Wednesday, January 9, 2013
The SEC charged two auditors at KPMG for their roles in a failed audit of TierOne Bank, a Nebraska-based bank that hid millions of dollars in loan losses from investors during the financial crisis and eventually was forced to file for bankruptcy. The SEC previously charged three former TierOne Bank executives responsible for the scheme. Two executives agreed to settle the SEC’s charges, and the case continues against the other.

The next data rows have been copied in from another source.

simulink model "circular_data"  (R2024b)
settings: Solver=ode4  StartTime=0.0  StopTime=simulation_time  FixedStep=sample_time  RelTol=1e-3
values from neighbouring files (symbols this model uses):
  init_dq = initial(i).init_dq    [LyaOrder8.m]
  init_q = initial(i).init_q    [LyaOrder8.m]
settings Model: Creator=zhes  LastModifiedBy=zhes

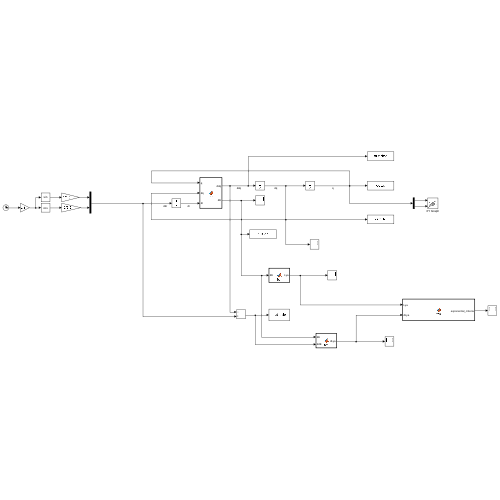
[thumbnail: Simulink's stored preview of the top-level diagram]
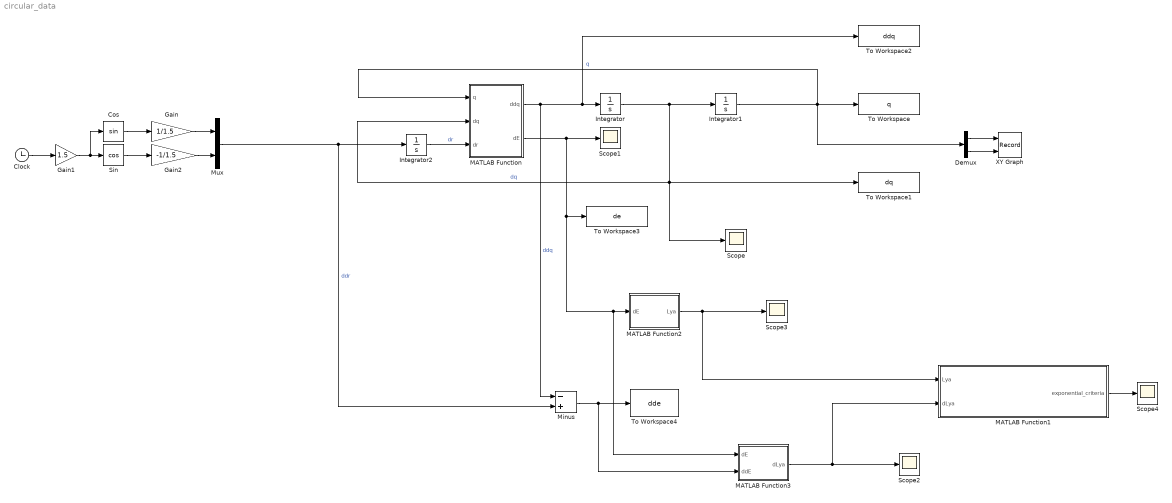
== system circular_data ==
  Clock : Clock
  Cos : Trigonometry
  Demux : Demux  Outputs=2
  Gain : Gain  Gain=1/1.5
  Gain1 : Gain  Gain=1.5
  Gain2 : Gain  Gain=-1/1.5
  Integrator : Integrator  InitialCondition=init_dq
  Integrator1 : Integrator  InitialCondition=init_q
  Integrator2 : Integrator  InitialCondition=[ 1 ; 1 ]
  MATLAB Function : MATLAB Function  TreatAsAtomicUnit=on
  MATLAB Function1 : MATLAB Function  TreatAsAtomicUnit=on
  MATLAB Function2 : MATLAB Function  TreatAsAtomicUnit=on
  MATLAB Function3 : MATLAB Function  TreatAsAtomicUnit=on
  Minus : Sum  Inputs=-+
  Mux : Mux  Inputs=2
  Scope{,1..4} (5 alike) : Scope
  Sin : Trigonometry  Operator=cos
  To Workspace : ToWorkspace  VariableName=q  SaveFormat=Structure With Time  SampleTime=-1
  To Workspace1 : ToWorkspace  VariableName=dq  SaveFormat=Structure With Time  SampleTime=-1
  To Workspace2 : ToWorkspace  VariableName=ddq  SaveFormat=Structure With Time  SampleTime=-1
  To Workspace3 : ToWorkspace  VariableName=de  SaveFormat=Structure With Time  SampleTime=-1
  To Workspace4 : ToWorkspace  VariableName=dde  SaveFormat=Structure With Time  SampleTime=-1
  XY Graph : Record  FileSettingsInternal="{\"entries\":[{\"content\":{\"excelSettings\":{\"content\":{},\"type\":\"Streamout.ExcelSettings\"}},\"type\":\"Streamout.FileSettingStorage\",\"uuid\":\"\"}],\"packageUris\":[\"http:\\/\\/schema.mathworks.com\\/mf0\\/streamout_blocks\\/R2020a\"],\"version\":\"1.0\"}"  Layout=[1 1]  SignalsInternal="{\"entries\":[{\"content\":{\"signals\":[{\"content\":{\"blockPath\":[],\"dimensions\":[1,1],\"domain\":\"\",\"lineColor\":\"#a2142f\",\"plots\":[ 1 ],\"port\":1,\"sid\":[\"\"],\"signalID\":1,\"signalName\":\"Demux:1\"},\"type\":\"RecordBlkView.Signal\",\"uuid\":\"\"},{\"content\":{\"blockPath\":[],\"dimensions\":[1,1],\"domain\":\"\",\"lineColor\":\"#139fff\",\"plots\":[ 1 ],\"port\":2,\"sid\":[\"\"],\"signalID\":2,\"signalName\":\"Demux:2\"},\"type\":\"RecordBlkView.Signal\",\"uuid\":\"\"}]},\"type\":\"RecordBlkView.InputSignals\",\"uuid\":\"\"}],\"packageUris\":[\"http:\\/\\/schema.mathworks.com\\/mf0\\/streamout_blocks\\/R2020a\"],\"version\":\"1.0\"}"  VisualizationBindings="{\"xyplotplugin\":{\"info\":[{\"series\":[{\"bindingParametersList\":[{\"parameter\":\"X-Axis\",\"signalID\":1,\"signalName\":\"Demux:1\"},{\"parameter\":\"Y-Axis\",\"signalID\":2,\"signalName\":\"Demux:2\"}],\"seriesID\":0}],\"subplotID\":1}]}}"  CompatibilityTag=XY
  wires:
  Integrator/1 -> MATLAB Function/2(dq), To Workspace1/1, Scope/1, Integrator1/1  "dq"
  Integrator1/1 -> MATLAB Function/1(q), Demux/1, To Workspace/1  "q"
  MATLAB Function/1(ddq) -> Minus/1, To Workspace2/1, Integrator/1  "ddq"
  Integrator2/1 -> MATLAB Function/3(dr)  "dr"
  MATLAB Function/2(dE) -> MATLAB Function3/1(dE), MATLAB Function2/1(dE), To Workspace3/1, Scope1/1
  Mux/1 -> Integrator2/1, Minus/2  "ddr"
  Minus/1 -> MATLAB Function3/2(ddE), To Workspace4/1
  Sin/1 -> Gain2/1
  Gain1/1 -> Cos/1, Sin/1
  Clock/1 -> Gain1/1
  Cos/1 -> Gain/1
  Gain/1 -> Mux/1
  Gain2/1 -> Mux/2
  MATLAB Function2/1(Lya) -> MATLAB Function1/1(Lya), Scope3/1
  MATLAB Function1/1(exponential_criteria) -> Scope4/1
  MATLAB Function3/1(dLya) -> MATLAB Function1/2(dLya), Scope2/1
  Demux/2 -> XY Graph/2
  Demux/1 -> XY Graph/1

== matlab function circular_data/MATLAB Function1 ==
  data: Lya input; exponential_criteria output; dLya input
function exponential_criteria = fcn(Lya, dLya)

lambda = 0.0010;

exponential_criteria = dLya - lambda * Lya;

== matlab function circular_data/MATLAB Function ==
  data: q input; ddq output; dq input; dr input; dE output
function [ddq, dE]= fcn(q, dq, dr)

q1 = q(1);
q2 = q(2);
dq1 = dq(1);
dq2 = dq(2);

dr1 = dr(1);
dr2 = dr(2);

kD = diag([10,10]);

de1 = dr1 - dq1;
de2 = dr2 - dq2;

dE = [de1; de2];

ddq = kD * dE;

== matlab function circular_data/MATLAB Function2 ==
  data: dE input; Lya output
function Lya = fcn(dE)

de1 = dE(1);
de2 = dE(2);

a = [    0.0000
   -0.0000
    0.0001
   -0.0004
   -0.0009
   -0.0023
    0.0020
   -0.0073
    0.0076
   -0.0366
   -0.0289
    0.0053
    0.0604
    0.1913
    0.5596
   -0.4624
   -0.4183
    0.7022
    0.3438
    1.0884
    0.1973
   -1.0071
    0.7831
    0.7829
    0.4554
    0.4893
    0.5329
   -0.2303
    0.3277
   -0.6510
    0.3997
   -0.9226
   -0.4537
   -0.9117
   -0.7446
    0.6456
    0.3978
   -0.3645
    0.9026
   -0.9304
   -0.1228
   -0.2378
    0.0010 ];

Lya = ...
    a(1) * de1^2 + a(2) * de2^2 + a(3) * de1 * de2 + ...
    a(4) * de1^3 + a(5) * de2^3 + a(6) * de1^2 * de2 + a(7) * de1 * de2^2 + ...
    a(8) * de1^4 + a(9) * de2^4 + a(10) * de1^3 * de2 + a(11) * de1 * de2^3 + a(12) * de1^2 * de2^2 + ...
    a(13) * de1^5 + a(14) * de2^5 + a(15) * de1^4 * de2 + a(16) * de1 * de2^4 + a(17) * de1^3 * de2^2 + a(18) * de1^2 * de2^3 + ...
    a(19) * de1^6 + a(20) * de2^6 + a(21) * de1^5 * de2 + a(22) * de1 * de2^5 + a(23) * de1^4 * de2^2 + a(24) * de1^2 * de2^4 + a(25) * de1^3 * de2^3 + ...
    a(26) * de1^7 + a(27) * de2^7 + a(28) * de1^6 * de2 + a(29) * de1 * de2^6 + a(30) * de1^5 * de2^2 + a(31) * de1^2 * de2^5 + a(32) * de1^4 * de2^3 + a(33) * de1^3 * de2^4 + ...
    a(34) * de1^8 + a(35) * de2^8 + a(36) * de1^7 * de2 + a(37) * de1 * de2^7 + a(38) * de1^6 * de2^2 + a(39) * de1^2 * de2^6 + a(40) * de1^5 * de2^3 + a(41) * de1^3 * de2^5 + a(42) * de1^4 * de2^4;

== matlab function circular_data/MATLAB Function3 ==
  data: dE input; dLya output; ddE input
function dLya = fcn(dE, ddE)

de1 = dE(1);
de2 = dE(2);

dde1 = ddE(1);
dde2 = ddE(2);


a = [    0.0000
   -0.0000
    0.0001
   -0.0004
   -0.0009
   -0.0023
    0.0020
   -0.0073
    0.0076
   -0.0366
   -0.0289
    0.0053
    0.0604
    0.1913
    0.5596
   -0.4624
   -0.4183
    0.7022
    0.3438
    1.0884
    0.1973
   -1.0071
    0.7831
    0.7829
    0.4554
    0.4893
    0.5329
   -0.2303
    0.3277
   -0.6510
    0.3997
   -0.9226
   -0.4537
   -0.9117
   -0.7446
    0.6456
    0.3978
   -0.3645
    0.9026
   -0.9304
   -0.1228
   -0.2378
    0.0010 ];




gradient_Lya = [8*a(34)*de1^7 + 7*a(36)*de1^6*de2 + 7*a(26)*de1^6 + 6*a(38)*de1^5*de2^2 + 6*a(28)*de1^5*de2 + 6*a(19)*de1^5 + 5*a(40)*de1^4*de2^3 + 5*a(30)*de1^4*de2^2 + 5*a(21)*de1^4*de2 + 5*a(13)*de1^4 + 4*a(42)*de1^3*de2^4 + 4*a(32)*de1^3*de2^3 + 4*a(23)*de1^3*de2^2 + 4*a(15)*de1^3*de2 + 4*a(8)*de1^3 + 3*a(41)*de1^2*de2^5 + 3*a(33)*de1^2*de2^4 + 3*a(25)*de1^2*de2^3 + 3*a(17)*de1^2*de2^2 + 3*a(10)*de1^2*de2 + 3*a(4)*de1^2 + 2*a(39)*de1*de2^6 + 2*a(31)*de1*de2^5 + 2*a(24)*de1*de2^4 + 2*a(18)*de1*de2^3 + 2*a(12)*de1*de2^2 + 2*a(6)*de1*de2 + 2*a(1)*de1 + a(37)*de2^7 + a(29)*de2^6 + a(22)*de2^5 + a(16)*de2^4 + a(11)*de2^3 + a(7)*de2^2 + a(3)*de2, a(36)*de1^7 + 2*a(38)*de1^6*de2 + a(28)*de1^6 + 3*a(40)*de1^5*de2^2 + 2*a(30)*de1^5*de2 + a(21)*de1^5 + 4*a(42)*de1^4*de2^3 + 3*a(32)*de1^4*de2^2 + 2*a(23)*de1^4*de2 + a(15)*de1^4 + 5*a(41)*de1^3*de2^4 + 4*a(33)*de1^3*de2^3 + 3*a(25)*de1^3*de2^2 + 2*a(17)*de1^3*de2 + a(10)*de1^3 + 6*a(39)*de1^2*de2^5 + 5*a(31)*de1^2*de2^4 + 4*a(24)*de1^2*de2^3 + 3*a(18)*de1^2*de2^2 + 2*a(12)*de1^2*de2 + a(6)*de1^2 + 7*a(37)*de1*de2^6 + 6*a(29)*de1*de2^5 + 5*a(22)*de1*de2^4 + 4*a(16)*de1*de2^3 + 3*a(11)*de1*de2^2 + 2*a(7)*de1*de2 + a(3)*de1 + 8*a(35)*de2^7 + 7*a(27)*de2^6 + 6*a(20)*de2^5 + 5*a(14)*de2^4 + 4*a(9)*de2^3 + 3*a(5)*de2^2 + 2*a(2)*de2];


dLya = gradient_Lya * [dde1; dde2];

The new charges in the SEC’s case are against KPMG partner John J. Aesoph and senior manager Darren M. Bennett. According to the SEC’s order instituting administrative proceedings, the auditors failed to comply with professional auditing standards in their substantive audit procedures over the bank’s valuation of loan losses resulting from impaired loans. They relied principally on stale appraisals and management’s uncorroborated representations of current value despite evidence that management’s estimates were biased and inconsistent with independent market data. Aesoph and Bennett failed to exercise the appropriate professional skepticism and obtain sufficient evidence that management’s collateral value and loan loss estimates were reasonable. According to the SEC, the auditors engaged in improper professional conduct as defined in Section 4C of the Securities Exchange Act of 1934 and Rule 102(e)(1)(ii) of the Commission’s Rules of Practice.
A hearing will be scheduled before an administrative law judge to determine whether the allegations contained in the order are true and what, if any, remedial sanctions are appropriate pursuant to Rule 102(e).